Tuesday, August 21, 2018

The Disinterested Click of Dixie Cups





The tradition Egoslavian Joe Strummer, born 66 years ago today, birthday monologue:
Holyfuck, I love that song. One of my Clash stories: in 1982 Pete Townsend asked Strummer if The Clash wanted to open for The Who for stadium shows in support of the Who's It's Hard tour, and in September Blondie and me and Evinkay Kinnersay got in my green Ford Valiant and drove to JFK Stadium in Philly for the show. Good blotter was involved, just a quarter tab for me (I was driving after all), two full for Blondie, who knows how many for sKinner, he was the provider, that and beer comprising his gas money. Blondie promptly disappeared into the stadium crowd after seeing one of the hundreds of thousands of best friends she had - this was her act; what charmed me was the once in a while she ditched others to be with me - and sKinner ran into a friend w/blow and disappeared (I was invited, but this is true, loved ones can vouch - blow never worked on me. Zip, zero. I'd tell people this and they would lay out $$$'s worth of lines and I'd say, you're wasting your money, and they'd dare me: they wasted their money) and I didn't see Blondie for two weeks or sKinner for three. I had a good jangle, my car keys, I didn't freak out, I got down near the front on the infield. I'd seen The Clash before, had seen them when they were on and into the show; they were neither on or into the show. Who fans booed them. Joe said, leaving the stage, Fuck You, Philadelphia.  
About Strummer: youngsters, The Clash were not the only band that mattered, but they did matter, and they were on the daily soundtrack once.

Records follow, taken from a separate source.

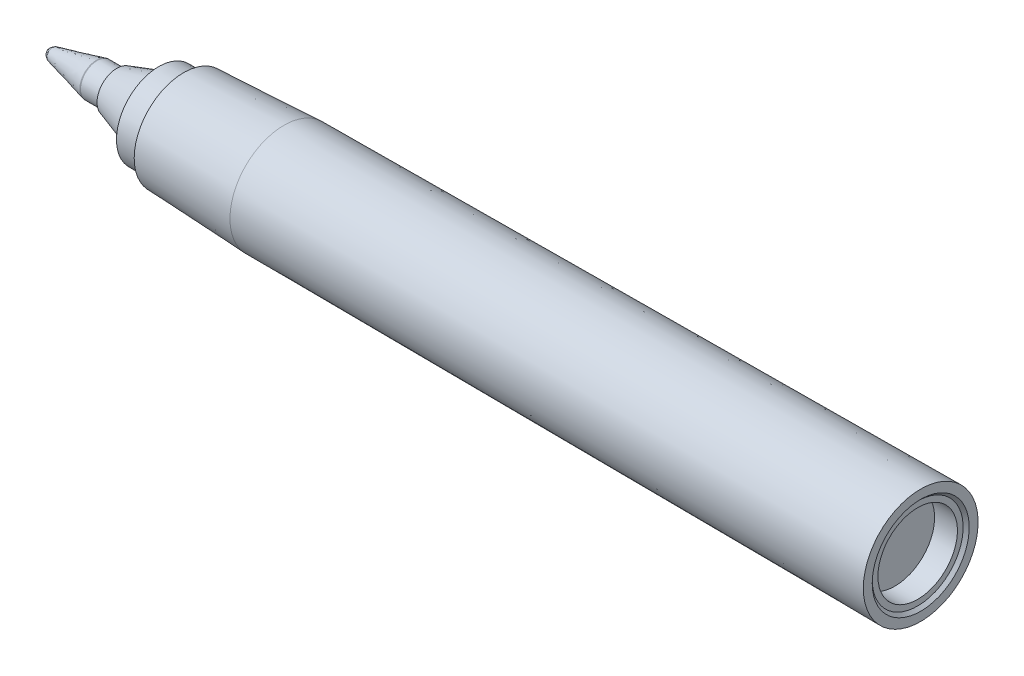
ISO-10303-21;
HEADER;
FILE_DESCRIPTION(('STEP AP214'),'2;1');
FILE_NAME('part.step','',(''),(''),'','','');
FILE_SCHEMA(('AUTOMOTIVE_DESIGN { 1 0 10303 214 1 1 1 1 }'));
ENDSEC;
DATA;
#1=APPLICATION_CONTEXT('core data for automotive mechanical design processes');
#2=APPLICATION_PROTOCOL_DEFINITION('international standard','automotive_design',2000,#1);
#3=PRODUCT_CONTEXT('',#1,'mechanical');
#4=PRODUCT('Part','Part','',(#3));
#5=PRODUCT_RELATED_PRODUCT_CATEGORY('part','',(#4));
#6=PRODUCT_DEFINITION_FORMATION('','',#4);
#7=PRODUCT_DEFINITION_CONTEXT('part definition',#1,'design');
#8=PRODUCT_DEFINITION('design','',#6,#7);
#9=PRODUCT_DEFINITION_SHAPE('','',#8);
#10=(LENGTH_UNIT() NAMED_UNIT(*) SI_UNIT(.MILLI.,.METRE.));
#11=(NAMED_UNIT(*) PLANE_ANGLE_UNIT() SI_UNIT($,.RADIAN.));
#12=(NAMED_UNIT(*) SI_UNIT($,.STERADIAN.) SOLID_ANGLE_UNIT());
#13=UNCERTAINTY_MEASURE_WITH_UNIT(LENGTH_MEASURE(1.E-05),#10,'distance_accuracy_value','');
#14=(GEOMETRIC_REPRESENTATION_CONTEXT(3) GLOBAL_UNCERTAINTY_ASSIGNED_CONTEXT((#13)) GLOBAL_UNIT_ASSIGNED_CONTEXT((#10,
#11,#12)) REPRESENTATION_CONTEXT('',''));
#15=CARTESIAN_POINT('',(0.,0.,0.));
#16=DIRECTION('',(0.,0.,1.));
#17=DIRECTION('',(1.,0.,0.));
#18=AXIS2_PLACEMENT_3D('',#15,#16,#17);
#19=CARTESIAN_POINT('',(0.,0.,0.));
#20=DIRECTION('',(-1.,0.,0.));
#21=DIRECTION('',(0.,0.,1.));
#22=AXIS2_PLACEMENT_3D('',#19,#20,#21);
#23=CYLINDRICAL_SURFACE('',#22,1.09999999999991);
#24=CARTESIAN_POINT('',(8.50261962837794,0.,0.));
#25=DIRECTION('',(-1.,0.,0.));
#26=DIRECTION('',(0.,0.,1.));
#27=AXIS2_PLACEMENT_3D('',#24,#25,#26);
#28=CIRCLE('',#27,1.09999999999991);
#29=CARTESIAN_POINT('',(8.50261962837794,0.,1.09999999999991));
#30=VERTEX_POINT('',#29);
#31=EDGE_CURVE('E11',#30,#30,#28,.T.);
#32=ORIENTED_EDGE('',*,*,#31,.F.);
#33=EDGE_LOOP('',(#32));
#34=FACE_BOUND('',#33,.T.);
#35=CARTESIAN_POINT('',(4.51671057128805,0.,0.));
#36=DIRECTION('',(-1.,0.,0.));
#37=DIRECTION('',(0.,0.,1.));
#38=AXIS2_PLACEMENT_3D('',#35,#36,#37);
#39=CIRCLE('',#38,1.09999999999991);
#40=CARTESIAN_POINT('',(4.51671057128805,0.,1.09999999999991));
#41=VERTEX_POINT('',#40);
#42=EDGE_CURVE('E92',#41,#41,#39,.T.);
#43=ORIENTED_EDGE('',*,*,#42,.T.);
#44=EDGE_LOOP('',(#43));
#45=FACE_BOUND('',#44,.T.);
#46=ADVANCED_FACE('F47',(#34,#45),#23,.F.);
#47=CARTESIAN_POINT('',(8.50261962837531,0.,0.));
#48=DIRECTION('',(1.,0.,0.));
#49=DIRECTION('',(0.,0.,-1.));
#50=AXIS2_PLACEMENT_3D('',#47,#48,#49);
#51=PLANE('',#50);
#52=ORIENTED_EDGE('',*,*,#31,.T.);
#53=EDGE_LOOP('',(#52));
#54=FACE_BOUND('',#53,.T.);
#55=ADVANCED_FACE('F148',(#54),#51,.F.);
#56=CARTESIAN_POINT('',(55.7113816910496,2.61437275918935,0.));
#57=DIRECTION('',(-1.,0.,0.));
#58=DIRECTION('',(0.,0.,1.));
#59=AXIS2_PLACEMENT_3D('',#56,#57,#58);
#60=PLANE('',#59);
#61=CARTESIAN_POINT('',(55.7113816910496,0.,0.));
#62=DIRECTION('',(-1.,0.,0.));
#63=DIRECTION('',(0.,0.,1.));
#64=AXIS2_PLACEMENT_3D('',#61,#62,#63);
#65=CIRCLE('',#64,2.61437275918934);
#66=CARTESIAN_POINT('',(55.7113816910496,0.,2.61437275918934));
#67=VERTEX_POINT('',#66);
#68=EDGE_CURVE('E54',#67,#67,#65,.T.);
#69=ORIENTED_EDGE('',*,*,#68,.F.);
#70=EDGE_LOOP('',(#69));
#71=FACE_BOUND('',#70,.T.);
#72=ADVANCED_FACE('F143',(#71),#60,.F.);
#73=CARTESIAN_POINT('',(55.5113816910399,0.,0.));
#74=DIRECTION('',(-1.,0.,0.));
#75=DIRECTION('',(0.,0.,1.));
#76=AXIS2_PLACEMENT_3D('',#73,#74,#75);
#77=TOROIDAL_SURFACE('',#76,2.61437275917972,0.200000000009678);
#78=CARTESIAN_POINT('',(55.510774492981,0.,0.));
#79=DIRECTION('',(-1.,0.,0.));
#80=DIRECTION('',(0.,0.,1.));
#81=AXIS2_PLACEMENT_3D('',#78,#79,#80);
#82=CIRCLE('',#81,2.81437183746357);
#83=CARTESIAN_POINT('',(55.510774492981,0.,2.81437183746357));
#84=VERTEX_POINT('',#83);
#85=EDGE_CURVE('E60',#84,#84,#82,.T.);
#86=ORIENTED_EDGE('',*,*,#85,.F.);
#87=EDGE_LOOP('',(#86));
#88=FACE_BOUND('',#87,.T.);
#89=ORIENTED_EDGE('',*,*,#68,.T.);
#90=EDGE_LOOP('',(#89));
#91=FACE_BOUND('',#90,.T.);
#92=ADVANCED_FACE('F138',(#88,#91),#77,.T.);
#93=CARTESIAN_POINT('',(55.510774492981,0.,0.));
#94=DIRECTION('',(1.,0.,0.));
#95=DIRECTION('',(0.,0.,-1.));
#96=AXIS2_PLACEMENT_3D('',#93,#94,#95);
#97=CONICAL_SURFACE('',#96,2.81437183746357,0.00422017130486288);
#98=CARTESIAN_POINT('',(31.133148246512,0.,0.));
#99=DIRECTION('',(-1.,0.,0.));
#100=DIRECTION('',(0.,0.,1.));
#101=AXIS2_PLACEMENT_3D('',#98,#99,#100);
#102=CIRCLE('',#101,2.71149346794752);
#103=CARTESIAN_POINT('',(31.133148246512,0.,2.71149346794752));
#104=VERTEX_POINT('',#103);
#105=EDGE_CURVE('E66',#104,#104,#102,.T.);
#106=ORIENTED_EDGE('',*,*,#105,.F.);
#107=EDGE_LOOP('',(#106));
#108=FACE_BOUND('',#107,.T.);
#109=ORIENTED_EDGE('',*,*,#85,.T.);
#110=EDGE_LOOP('',(#109));
#111=FACE_BOUND('',#110,.T.);
#112=ADVANCED_FACE('F132',(#108,#111),#97,.T.);
#113=CARTESIAN_POINT('',(25.5505978630776,0.,0.));
#114=DIRECTION('',(-1.,0.,0.));
#115=DIRECTION('',(0.,0.,1.));
#116=AXIS2_PLACEMENT_3D('',#113,#114,#115);
#117=DEGENERATE_TOROIDAL_SURFACE('',#116,318.3748413353,321.13486149306,.F.);
#118=CARTESIAN_POINT('',(10.9274143015883,0.,0.));
#119=DIRECTION('',(-1.,0.,0.));
#120=DIRECTION('',(0.,0.,1.));
#121=AXIS2_PLACEMENT_3D('',#118,#119,#120);
#122=CIRCLE('',#121,2.42690705253801);
#123=CARTESIAN_POINT('',(10.9274143015883,0.,2.42690705253801));
#124=VERTEX_POINT('',#123);
#125=EDGE_CURVE('E72',#124,#124,#122,.T.);
#126=ORIENTED_EDGE('',*,*,#125,.F.);
#127=EDGE_LOOP('',(#126));
#128=FACE_BOUND('',#127,.T.);
#129=ORIENTED_EDGE('',*,*,#105,.T.);
#130=EDGE_LOOP('',(#129));
#131=FACE_BOUND('',#130,.T.);
#132=ADVANCED_FACE('F126',(#128,#131),#117,.F.);
#133=CARTESIAN_POINT('',(0.,0.,0.));
#134=DIRECTION('',(-1.,0.,0.));
#135=DIRECTION('',(0.,0.,1.));
#136=AXIS2_PLACEMENT_3D('',#133,#134,#135);
#137=CYLINDRICAL_SURFACE('',#136,2.42690705253955);
#138=CARTESIAN_POINT('',(9.70052193133052,0.,0.));
#139=DIRECTION('',(-1.,0.,0.));
#140=DIRECTION('',(0.,0.,1.));
#141=AXIS2_PLACEMENT_3D('',#138,#139,#140);
#142=CIRCLE('',#141,2.42690705254109);
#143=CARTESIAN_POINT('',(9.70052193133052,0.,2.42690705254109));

Here's Terre's tribute show from 2002 just after Strummer died.

Here's Diane's tribute show from 2002, just after Strummer died.

Lots of Clash at those two. When I put Strummer on the iPod now, it's the Mescalaros.






POVERTY STREET

Tom Clark

On Poverty Street, the disinterested
click of Dixie Cups on bakelite trays
reminds me that prose exists.



2 comments:

  1. Dig. Two things: (1) The Valiant was a Plymouth. I learned to drive in one, '62 lime green IIRC, push-button gear shift! (2) As per blow: Same. Thought it was just me.